3. Using mini-batch gradient descent to optimize the loss function on the training dataset.
Please record the loss value for each of the epochs and create an epoch-loss plot and
an accuracy-loss plot for both the training and validation set.
4. Qualitatively evaluate your model by generating a set of faces by randomly choosing
10 latent vectors and presenting the resulting images
4 Additional Information
1. In order to create a dataset you will need to read in the csv file and images. Using the
pandas and/or pillow libraries could be useful for those tasks.
2. You may also find the sklearn library useful for doing one-hot encoding and getting
the confusion matrix.
3. Since the dataset is pretty large I recommend only loading the first n rows from the
CVS while debugging. Once you have everything working you can scale up to the full
dataset to get the actual accuracy.
4. It would be useful to organize each task as a function, where the function returns
the correct model. Training can then happen in a similar manner (VAE may be an
exception).
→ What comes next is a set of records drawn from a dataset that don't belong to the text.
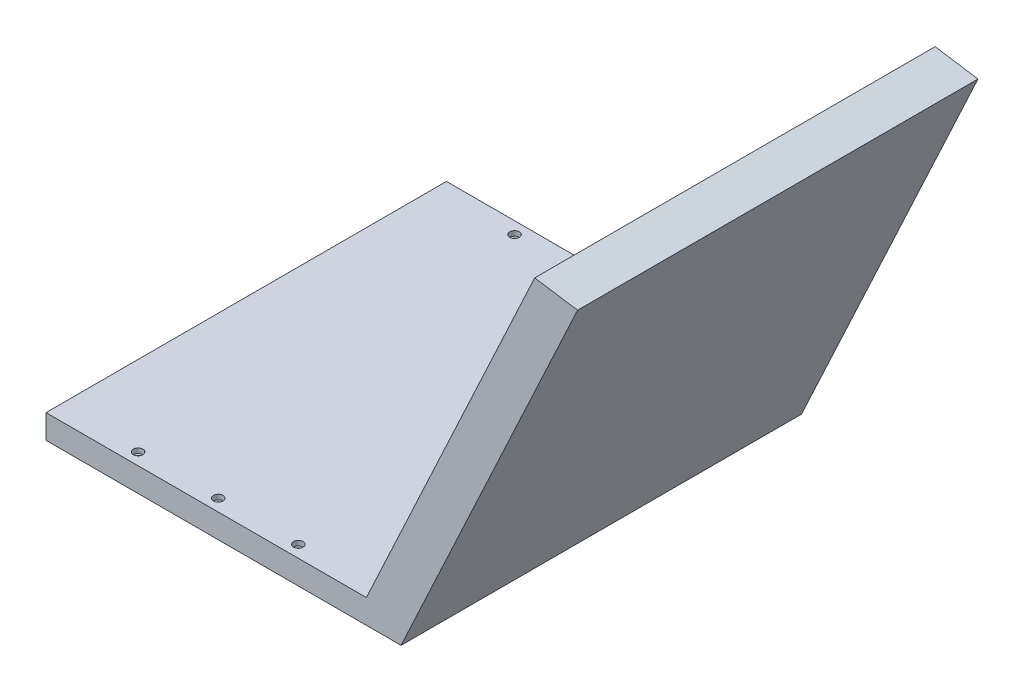
ISO-10303-21;
HEADER;
FILE_DESCRIPTION(('STEP AP214'),'2;1');
FILE_NAME('part.step','',(''),(''),'','','');
FILE_SCHEMA(('AUTOMOTIVE_DESIGN { 1 0 10303 214 1 1 1 1 }'));
ENDSEC;
DATA;
#1=APPLICATION_CONTEXT('core data for automotive mechanical design processes');
#2=APPLICATION_PROTOCOL_DEFINITION('international standard','automotive_design',2000,#1);
#3=PRODUCT_CONTEXT('',#1,'mechanical');
#4=PRODUCT('Part','Part','',(#3));
#5=PRODUCT_RELATED_PRODUCT_CATEGORY('part','',(#4));
#6=PRODUCT_DEFINITION_FORMATION('','',#4);
#7=PRODUCT_DEFINITION_CONTEXT('part definition',#1,'design');
#8=PRODUCT_DEFINITION('design','',#6,#7);
#9=PRODUCT_DEFINITION_SHAPE('','',#8);
#10=(LENGTH_UNIT() NAMED_UNIT(*) SI_UNIT(.MILLI.,.METRE.));
#11=(NAMED_UNIT(*) PLANE_ANGLE_UNIT() SI_UNIT($,.RADIAN.));
#12=(NAMED_UNIT(*) SI_UNIT($,.STERADIAN.) SOLID_ANGLE_UNIT());
#13=UNCERTAINTY_MEASURE_WITH_UNIT(LENGTH_MEASURE(1.E-05),#10,'distance_accuracy_value','');
#14=(GEOMETRIC_REPRESENTATION_CONTEXT(3) GLOBAL_UNCERTAINTY_ASSIGNED_CONTEXT((#13)) GLOBAL_UNIT_ASSIGNED_CONTEXT((#10,
#11,#12)) REPRESENTATION_CONTEXT('',''));
#15=CARTESIAN_POINT('',(0.,0.,0.));
#16=DIRECTION('',(0.,0.,1.));
#17=DIRECTION('',(1.,0.,0.));
#18=AXIS2_PLACEMENT_3D('',#15,#16,#17);
#19=CARTESIAN_POINT('',(0.,0.,250.));
#20=DIRECTION('',(-0.906307787036648,0.422618261740704,0.));
#21=DIRECTION('',(-0.422618261740704,-0.906307787036648,0.));
#22=AXIS2_PLACEMENT_3D('',#19,#20,#21);
#23=PLANE('',#22);
#24=DIRECTION('',(0.422618261740704,0.906307787036648,0.));
#25=VECTOR('',#24,1.);
#26=CARTESIAN_POINT('',(0.,0.,-250.));
#27=LINE('',#26,#25);
#28=CARTESIAN_POINT('',(0.,0.,-250.));
#29=VERTEX_POINT('',#28);
#30=CARTESIAN_POINT('',(220.358608676281,472.560561300136,-250.));
#31=VERTEX_POINT('',#30);
#32=EDGE_CURVE('E129',#29,#31,#27,.T.);
#33=ORIENTED_EDGE('',*,*,#32,.T.);
#34=DIRECTION('',(0.,0.,-1.));
#35=VECTOR('',#34,1.);
#36=CARTESIAN_POINT('',(220.358608676281,472.560561300136,250.));
#37=LINE('',#36,#35);
#38=CARTESIAN_POINT('',(220.358608676281,472.560561300136,250.));
#39=VERTEX_POINT('',#38);
#40=EDGE_CURVE('E11',#39,#31,#37,.T.);
#41=ORIENTED_EDGE('',*,*,#40,.F.);
#42=DIRECTION('',(0.422618261740704,0.906307787036648,0.));
#43=VECTOR('',#42,1.);
#44=CARTESIAN_POINT('',(0.,0.,250.));
#45=LINE('',#44,#43);
#46=CARTESIAN_POINT('',(0.,0.,250.));
#47=VERTEX_POINT('',#46);
#48=EDGE_CURVE('E140',#47,#39,#45,.T.);
#49=ORIENTED_EDGE('',*,*,#48,.F.);
#50=DIRECTION('',(0.,0.,-1.));
#51=VECTOR('',#50,1.);
#52=CARTESIAN_POINT('',(0.,0.,250.));
#53=LINE('',#52,#51);
#54=EDGE_CURVE('E125',#47,#29,#53,.T.);
#55=ORIENTED_EDGE('',*,*,#54,.T.);
#56=EDGE_LOOP('',(#33,#41,#49,#55));
#57=FACE_BOUND('',#56,.T.);
#58=ADVANCED_FACE('F45',(#57),#23,.F.);
#59=CARTESIAN_POINT('',(166.872551320847,480.821915027781,250.));
#60=DIRECTION('',(-0.152647929120268,-0.988280633087229,0.));
#61=DIRECTION('',(0.988280633087229,-0.152647929120268,0.));
#62=AXIS2_PLACEMENT_3D('',#59,#60,#61);
#63=PLANE('',#62);
#64=DIRECTION('',(-0.988280633087229,0.152647929120268,0.));
#65=VECTOR('',#64,1.);
#66=CARTESIAN_POINT('',(166.872551320847,480.821915027781,-250.));
#67=LINE('',#66,#65);
#68=CARTESIAN_POINT('',(166.872551320847,480.821915027781,-250.));
#69=VERTEX_POINT('',#68);
#70=EDGE_CURVE('E132',#31,#69,#67,.T.);
#71=ORIENTED_EDGE('',*,*,#70,.T.);
#72=DIRECTION('',(0.,0.,-1.));
#73=VECTOR('',#72,1.);
#74=CARTESIAN_POINT('',(166.872551320847,480.821915027781,250.));
#75=LINE('',#74,#73);
#76=CARTESIAN_POINT('',(166.872551320847,480.821915027781,250.));
#77=VERTEX_POINT('',#76);
#78=EDGE_CURVE('E53',#77,#69,#75,.T.);
#79=ORIENTED_EDGE('',*,*,#78,.F.);
#80=DIRECTION('',(-0.988280633087229,0.152647929120268,0.));
#81=VECTOR('',#80,1.);
#82=CARTESIAN_POINT('',(166.872551320847,480.821915027781,250.));
#83=LINE('',#82,#81);
#84=EDGE_CURVE('E98',#39,#77,#83,.T.);
#85=ORIENTED_EDGE('',*,*,#84,.F.);
#86=ORIENTED_EDGE('',*,*,#40,.T.);
#87=EDGE_LOOP('',(#71,#79,#85,#86));
#88=FACE_BOUND('',#87,.T.);
#89=ADVANCED_FACE('F169',(#88),#63,.F.);
#90=CARTESIAN_POINT('',(-43.3491601207117,30.,250.));
#91=DIRECTION('',(0.906307787036648,-0.422618261740703,0.));
#92=DIRECTION('',(0.422618261740703,0.906307787036648,0.));
#93=AXIS2_PLACEMENT_3D('',#90,#91,#92);
#94=PLANE('',#93);
#95=DIRECTION('',(-0.422618261740703,-0.906307787036648,0.));
#96=VECTOR('',#95,1.);
#97=CARTESIAN_POINT('',(-43.3491601207117,30.,-250.));
#98=LINE('',#97,#96);
#99=CARTESIAN_POINT('',(-43.3491601207117,30.,-250.));
#100=VERTEX_POINT('',#99);
#101=EDGE_CURVE('E135',#69,#100,#98,.T.);
#102=ORIENTED_EDGE('',*,*,#101,.T.);
#103=DIRECTION('',(0.,0.,-1.));
#104=VECTOR('',#103,1.);
#105=CARTESIAN_POINT('',(-43.3491601207117,30.,250.));
#106=LINE('',#105,#104);
#107=CARTESIAN_POINT('',(-43.3491601207117,30.,250.));
#108=VERTEX_POINT('',#107);
#109=EDGE_CURVE('E120',#108,#100,#106,.T.);
#110=ORIENTED_EDGE('',*,*,#109,.F.);
#111=DIRECTION('',(-0.422618261740703,-0.906307787036648,0.));
#112=VECTOR('',#111,1.);
#113=CARTESIAN_POINT('',(-43.3491601207117,30.,250.));
#114=LINE('',#113,#112);
#115=EDGE_CURVE('E111',#77,#108,#114,.T.);
#116=ORIENTED_EDGE('',*,*,#115,.F.);
#117=ORIENTED_EDGE('',*,*,#78,.T.);
#118=EDGE_LOOP('',(#102,#110,#116,#117));
#119=FACE_BOUND('',#118,.T.);
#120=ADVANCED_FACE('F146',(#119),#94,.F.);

This function can take different parameters such as learning rate, learning
rate decay, momentum, to allow you to test different options.
5. In order to draw plots for loss and accuracy for both training and validation data I
recommend using TensorBoard. Take a look here for a tutorial. Here is a link showing
how to use it in a Jupyter Notebook
6. Exact learning parameters are not mentioned. You will need to select your own learning
rate, momentum etc.
7. Please submit a Jupyter Notebook. Submit both the ipynb file in addition to an html
file version. Make sure to show the output for all tasks.
5 Report
Your Jupyter notebook should include all the following (use markup for text portions) :
1. A short introduction to the problem.
2. Introduction to each network (including the ones you designed).
3. Results from each network for the two tasks. This should include the loss plots and
the evaluation criteria.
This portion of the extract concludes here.